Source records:
━━━━━━━━
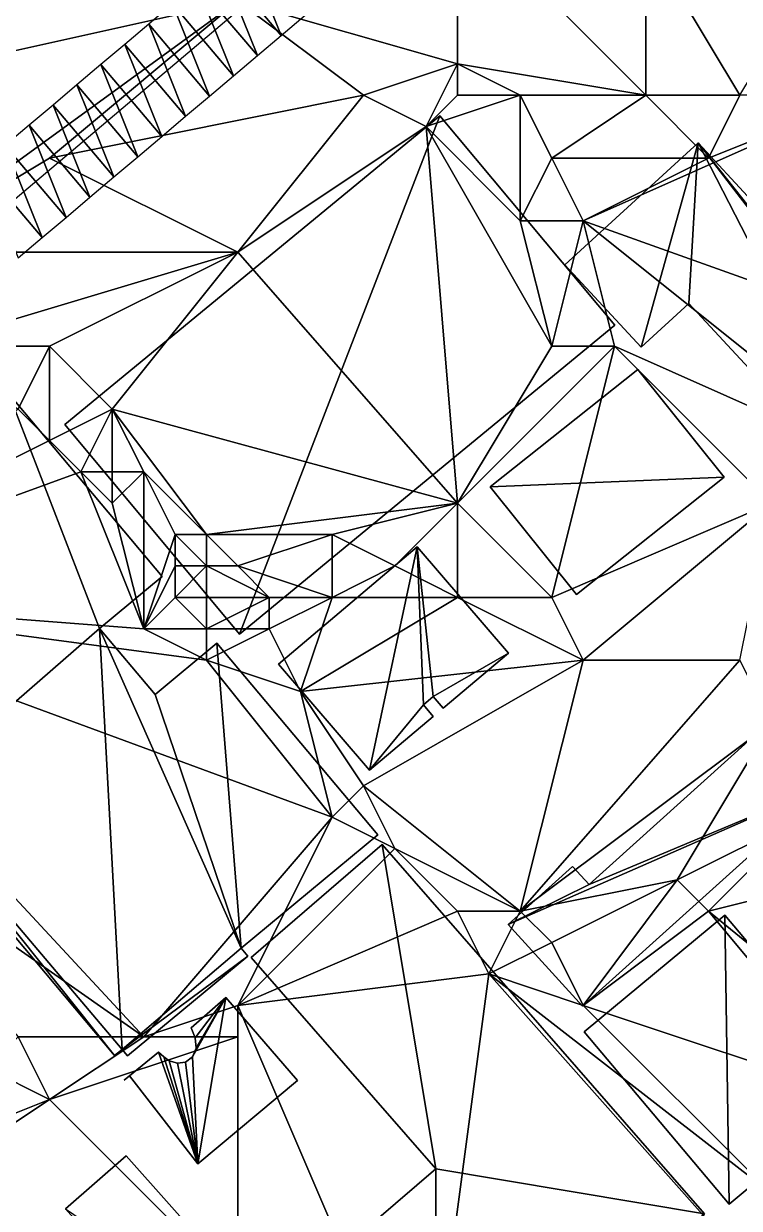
# Model space of a CAD drawing. Header units: metres. Extents: x -1103 to 901, y -902 to 905.
# Drawn here: x -389.6 to -344, y 193.1 to 268.6 of the extents above; entities that cross this region are included whole.
import ezdxf

# ---------------------------------------------------------------- set-up
doc = ezdxf.new("R2010")
doc.units = ezdxf.units.M
for name, color, linetype in [('OSM_BUILDING_FOOTPRINTS', 7, 'CONTINUOUS'), ('OSM_BUILDING_ROOFS', 1, 'CONTINUOUS'), ('OSM_BUILDING_WALLS', 8, 'CONTINUOUS'), ('OSM_ROAD_AXES', 2, 'CONTINUOUS'), ('OSM_ROAD_SURFACE', 9, 'CONTINUOUS'), ('OSM_TERRAIN', 3, 'CONTINUOUS')]:
    doc.layers.add(name, color=color, linetype=linetype)

msp = doc.modelspace()

# ---------------------------------------------------------------- linework, layer by layer
at = {"layer": 'OSM_BUILDING_FOOTPRINTS'}
for points in [[(-387.037, 243.009, 10.723), (-363.139, 262.694, 10.723), (-351.985, 249.346, 10.723), (-375.894, 229.65, 10.723), (-387.037, 243.009, 10.723)], [(-355.169, 253.194, 10.539), (-346.668, 260.969, 10.539), (-343.242, 257.275, 10.539), (-339.318, 260.869, 10.539), (-324.749, 245.155, 10.539), (-326.738, 243.33, 10.539), (-323.466, 239.802, 10.539), (-327.192, 236.396, 10.539), (-330.463, 239.924, 10.539), (-334.133, 236.573, 10.539), (-347.254, 250.728, 10.539), (-350.294, 247.941, 10.539), (-355.169, 253.194, 10.539)], [(-354.417, 232.193, 10.975), (-359.922, 239.039, 10.975), (-350.504, 246.515, 10.975), (-344.999, 239.669, 10.975), (-354.417, 232.193, 10.975)], [(-407.099, 231.286, 12.743), (-390.585, 244.966, 12.743), (-380.824, 233.332, 12.743), (-384.815, 230.026, 12.743), (-381.278, 225.812, 12.743), (-377.331, 229.086, 12.743), (-367.073, 216.877, 12.743), (-375.795, 209.644, 12.743), (-375.364, 209.135, 12.743), (-383.024, 202.787, 12.743), (-383.367, 203.197, 12.743), (-383.853, 202.798, 12.743), (-393.989, 214.875, 12.743), (-394.144, 214.753, 12.743), (-397.615, 218.889, 12.743), (-397.073, 219.343, 12.743), (-407.099, 231.286, 12.743)], [(-373.407, 227.737, 11.958), (-364.575, 235.224, 11.958), (-358.761, 228.455, 11.958), (-362.906, 224.939, 11.958), (-363.558, 225.691, 11.958), (-364.177, 225.16, 11.958), (-363.547, 224.419, 11.958), (-367.604, 220.98, 11.958), (-373.407, 227.737, 11.958)], [(-354.03, 205.95, 12.232), (-358.783, 211.159, 12.232), (-354.682, 214.853, 12.232), (-353.621, 213.692, 12.232), (-341.97, 224.187, 12.232), (-338.267, 220.139, 12.232), (-354.03, 205.95, 12.232)], [(-375.143, 209.058, 13.467), (-366.797, 216.257, 13.467), (-346.259, 192.713, 13.467), (-363.37, 177.982, 13.467), (-372.158, 188.046, 13.467), (-363.392, 195.588, 13.467), (-375.143, 209.058, 13.467)], [(-353.93, 204.314, 12.929), (-344.966, 211.756, 12.929), (-335.725, 200.786, 12.929), (-344.689, 193.332, 12.929), (-353.93, 204.314, 12.929)], [(-383.256, 201.239, 13.514), (-381.067, 203.02, 13.514), (-380.714, 202.721, 13.514), (-380.371, 202.467, 13.514), (-379.84, 202.312, 13.514), (-379.343, 202.378, 13.514), (-378.901, 202.721, 13.514), (-378.658, 203.274, 13.514), (-378.713, 203.926, 13.514), (-378.967, 204.557, 13.514), (-376.756, 206.503, 13.514), (-372.202, 201.206, 13.514), (-378.558, 195.898, 13.514), (-382.902, 201.505, 13.514), (-383.256, 201.239, 13.514)], [(-373.451, 177.805, 13.974), (-386.981, 193.022, 13.974), (-383.112, 196.417, 13.974), (-369.582, 181.2, 13.974), (-373.451, 177.805, 13.974)]]:
    msp.add_polyline3d(points, close=True, dxfattribs=at)
at = {"layer": 'OSM_BUILDING_ROOFS'}
for points in [[(-363.139, 262.694, 19.123), (-387.037, 243.009, 19.123), (-375.894, 229.65, 19.123)], [(-363.139, 262.694, 19.123), (-375.894, 229.65, 19.123), (-351.985, 249.346, 19.123)], [(-346.668, 260.969, 38.139), (-355.169, 253.194, 38.139), (-350.294, 247.941, 38.139)], [(-346.668, 260.969, 38.139), (-350.294, 247.941, 38.139), (-347.254, 250.728, 38.139)], [(-346.668, 260.969, 38.139), (-347.254, 250.728, 38.139), (-334.133, 236.573, 38.139)], [(-346.668, 260.969, 38.139), (-334.133, 236.573, 38.139), (-330.463, 239.924, 38.139)], [(-346.668, 260.969, 38.139), (-330.463, 239.924, 38.139), (-327.192, 236.396, 38.139)], [(-343.242, 257.275, 38.139), (-346.668, 260.969, 38.139), (-327.192, 236.396, 38.139)], [(-359.922, 239.039, 20.975), (-344.999, 239.669, 20.975), (-350.504, 246.515, 20.975)], [(-384.815, 230.026, 21.143), (-390.585, 244.966, 21.143), (-397.073, 219.343, 21.143)], [(-384.815, 230.026, 21.143), (-380.824, 233.332, 21.143), (-390.585, 244.966, 21.143)], [(-359.922, 239.039, 20.975), (-354.417, 232.193, 20.975), (-344.999, 239.669, 20.975)], [(-364.575, 235.224, 21.958), (-373.407, 227.737, 21.958), (-367.604, 220.98, 21.958)], [(-364.575, 235.224, 21.958), (-367.604, 220.98, 21.958), (-364.177, 225.16, 21.958)], [(-363.558, 225.691, 21.958), (-358.761, 228.455, 21.958), (-364.575, 235.224, 21.958)], [(-364.575, 235.224, 21.958), (-364.177, 225.16, 21.958), (-363.558, 225.691, 21.958)], [(-384.815, 230.026, 21.143), (-397.073, 219.343, 21.143), (-383.367, 203.197, 21.143)], [(-375.795, 209.644, 21.143), (-381.278, 225.812, 21.143), (-384.815, 230.026, 21.143)], [(-384.815, 230.026, 21.143), (-383.367, 203.197, 21.143), (-375.795, 209.644, 21.143)], [(-375.795, 209.644, 21.143), (-377.331, 229.086, 21.143), (-381.278, 225.812, 21.143)], [(-375.795, 209.644, 21.143), (-367.073, 216.877, 21.143), (-377.331, 229.086, 21.143)], [(-363.558, 225.691, 21.958), (-362.906, 224.939, 21.958), (-358.761, 228.455, 21.958)], [(-367.604, 220.98, 21.958), (-363.547, 224.419, 21.958), (-364.177, 225.16, 21.958)], [(-338.267, 220.139, 17.432), (-341.97, 224.187, 17.432), (-353.621, 213.692, 17.432)], [(-358.783, 211.159, 17.432), (-354.03, 205.95, 17.432), (-338.267, 220.139, 17.432)], [(-353.621, 213.692, 17.432), (-358.783, 211.159, 17.432), (-338.267, 220.139, 17.432)], [(-397.073, 219.343, 21.143), (-393.989, 214.875, 21.143), (-383.853, 202.798, 21.143)], [(-397.073, 219.343, 21.143), (-383.853, 202.798, 21.143), (-383.367, 203.197, 21.143)], [(-366.797, 216.257, 21.867), (-375.143, 209.058, 21.867), (-363.392, 195.588, 21.867)], [(-363.392, 195.588, 21.867), (-346.259, 192.713, 21.867), (-366.797, 216.257, 21.867)], [(-353.621, 213.692, 17.432), (-354.682, 214.853, 17.432), (-358.783, 211.159, 17.432)], [(-344.966, 211.756, 21.329), (-353.93, 204.314, 21.329), (-344.689, 193.332, 21.329)], [(-344.966, 211.756, 21.329), (-344.689, 193.332, 21.329), (-335.725, 200.786, 21.329)], [(-383.367, 203.197, 21.143), (-375.364, 209.135, 21.143), (-375.795, 209.644, 21.143)], [(-383.367, 203.197, 21.143), (-383.024, 202.787, 21.143), (-375.364, 209.135, 21.143)], [(-376.756, 206.503, 18.714), (-378.967, 204.557, 18.714), (-378.713, 203.926, 18.714)], [(-376.756, 206.503, 18.714), (-378.658, 203.274, 18.714), (-378.901, 202.721, 18.714)], [(-378.558, 195.898, 18.714), (-376.756, 206.503, 18.714), (-378.901, 202.721, 18.714)], [(-376.756, 206.503, 18.714), (-378.713, 203.926, 18.714), (-378.658, 203.274, 18.714)], [(-378.558, 195.898, 18.714), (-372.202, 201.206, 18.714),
━━━━━━━━
» **Work to complete**
From the first line of the records down through the line containing "import ezdxf", transcribe exactly those lines and no others, both ends kept, pictures dropped.

» **Task output**
# Model space of a CAD drawing. Header units: metres. Extents: x -1103 to 901, y -902 to 905.
# Drawn here: x -389.6 to -344, y 193.1 to 268.6 of the extents above; entities that cross this region are included whole.
import ezdxf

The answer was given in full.